**YOUR OBJECTIVE**
Wherever the string "extrude" appears in the records, return the line that holds it.

Records contained in a dataset:
★ ★ ★ ★ ★ ★ ★

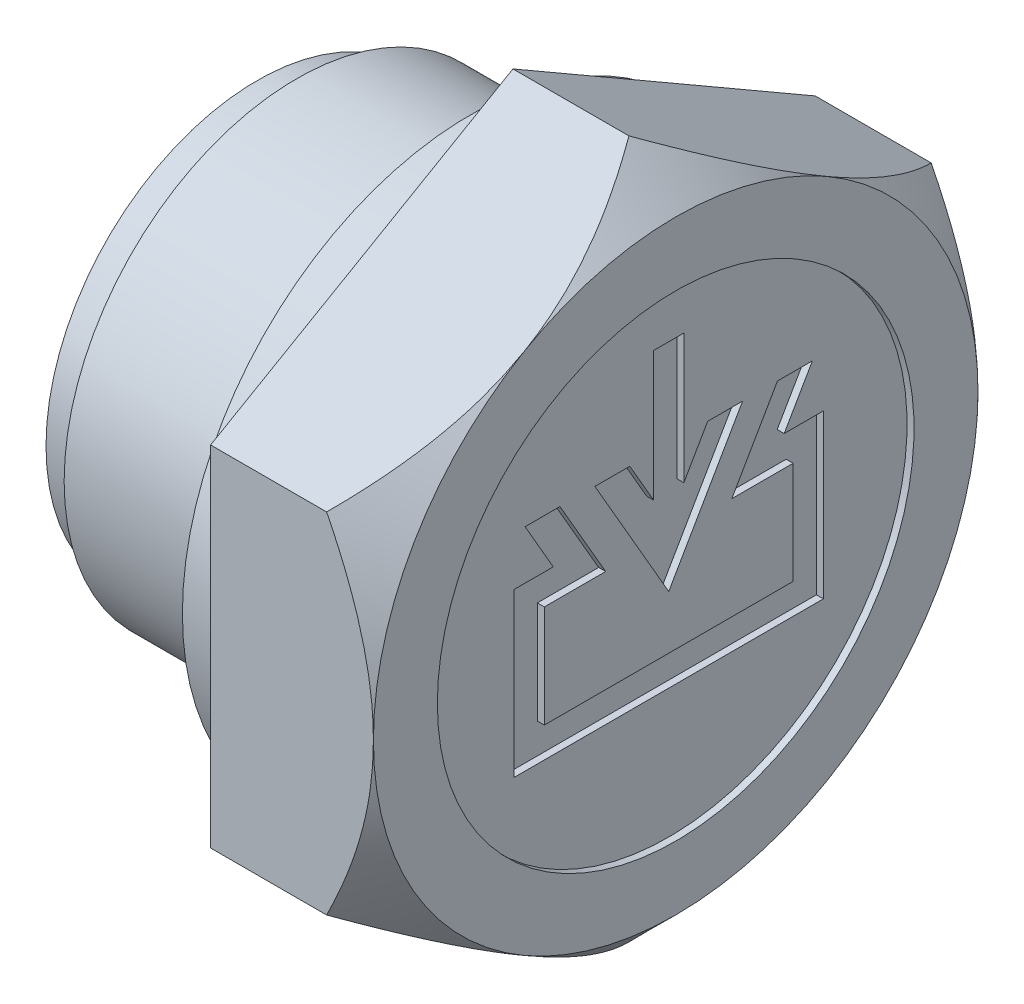
from build123d import *

# Parameters (mm, degrees)
TAGLIO_ESTRUSIONE1_DEPTH      = 0.3
TAGLIO_ESTRUSIONE1_DEPTH_BACK = 0.3
TAGLIO_ESTRUSIONE2_DEPTH      = 0.3
TAGLIO_ESTRUSIONE2_DEPTH_BACK = 0.3
TAGLIO_ESTRUSIONE3_DEPTH      = 10.701
TAGLIO_ESTRUSIONE3_DEPTH_BACK = 10.701


with BuildPart() as part:
    # Schizzo1 → Rivoluzione1 (revolve)
    with BuildSketch(Plane.XY):
        with BuildLine():
            Line((14.2, 0), (14.2, 5.687947352))
            ThreePointArc((14.2, 5.687947352), (14.0596699, 6.035276538), (13.717449748, 6.187642766))
            Line((13.717449748, 6.187642766), (0, 6.666666667))
            Line((0, 6.666666667), (0, 9.0798475))
            Line((0, 9.0798475), (1.7, 9.0798475))
            Line((1.7, 9.0798475), (1.7, 10))
            Line((1.7, 10), (9.166666667, 10))
            Line((9.166666667, 10), (9.166666667, 12.380952381))
            Line((9.166666667, 12.380952381), (11, 12.380952381))
            Line((11, 12.380952381), (11, 20))
            Line((11, 20), (18, 13))
            Line((18, 13), (18, 10.25))
            Line((18, 10.25), (17.7, 10.25))
            Line((17.7, 10.25), (17.7, 0))
            Line((17.7, 0), (14.2, 0))
        make_face()
    revolve(axis=Axis((18, 0, 0), (-1, 0, 0)))

    # Schizzo2 → Taglio-Estrusione1 (cut, two sides: drawn at the far end of the back side and taken through both)
    with BuildSketch(Plane(origin=(17.7, 0, 0), x_dir=(0, 0, -1), z_dir=(1, 0, 0)).offset(-TAGLIO_ESTRUSIONE1_DEPTH_BACK)):
        Polygon((-6.65, -4.7), (6.65, -4.7), (6.65, 2.3), (4.96521, 2.3), (6.17765, 4.4), (4.67654, 4.4), (2.71355, 1), (5.35, 1), (5.35, -3.4), (-5.35, -3.4), (-5.35, 1), (-2.71355, 1), (-4.67654, 4.4), (-6.17765, 4.4), (-4.96521, 2.3), (-6.65, 2.3), align=None)
    extrude(amount=TAGLIO_ESTRUSIONE1_DEPTH + TAGLIO_ESTRUSIONE1_DEPTH_BACK, mode=Mode.SUBTRACT)

    # Schizzo3 → Taglio-Estrusione2 (cut, two sides: drawn at the far end of the back side and taken through both)
    with BuildSketch(Plane(origin=(17.7, 0, 0), x_dir=(0, 0, -1), z_dir=(1, 0, 0)).offset(-TAGLIO_ESTRUSIONE2_DEPTH_BACK)):
        Polygon((-3.17543, 4.4), (0, -1.1), (3.17543, 4.4), (1.67432, 4.4), (0.65, 2.62583), (0.65, 8.2), (-0.65, 8.2), (-0.65, 2.62583), (-1.67432, 4.4), align=None)
    extrude(amount=TAGLIO_ESTRUSIONE2_DEPTH + TAGLIO_ESTRUSIONE2_DEPTH_BACK, mode=Mode.SUBTRACT)

    # Schizzo4 → Taglio-Estrusione3 (cut, two sides: drawn at the far end of the back side and taken through both)
    with BuildSketch(Plane(origin=(17.7, 0, 0), x_dir=(0, 0, -1), z_dir=(1, 0, 0)).offset(-TAGLIO_ESTRUSIONE3_DEPTH_BACK)):
        Polygon((-26, -15.011106999), (0, -30.022213998), (26, -15.011106999), (26, 15.011106999), (0, 30.022213998), (-26, 15.011106999), align=None)
        Polygon((-13, -7.505553499), (0, -15.011106999), (13, -7.505553499), (13, 7.505553499), (0, 15.011106999), (-13, 7.505553499), align=None, mode=Mode.SUBTRACT)
    extrude(amount=TAGLIO_ESTRUSIONE3_DEPTH + TAGLIO_ESTRUSIONE3_DEPTH_BACK, mode=Mode.SUBTRACT)


solid = part.part

★ ★ ★ ★ ★ ★ ★

**EXERCISE RESULT**
    extrude(amount=TAGLIO_ESTRUSIONE1_DEPTH + TAGLIO_ESTRUSIONE1_DEPTH_BACK, mode=Mode.SUBTRACT)
    extrude(amount=TAGLIO_ESTRUSIONE2_DEPTH + TAGLIO_ESTRUSIONE2_DEPTH_BACK, mode=Mode.SUBTRACT)
    extrude(amount=TAGLIO_ESTRUSIONE3_DEPTH + TAGLIO_ESTRUSIONE3_DEPTH_BACK, mode=Mode.SUBTRACT)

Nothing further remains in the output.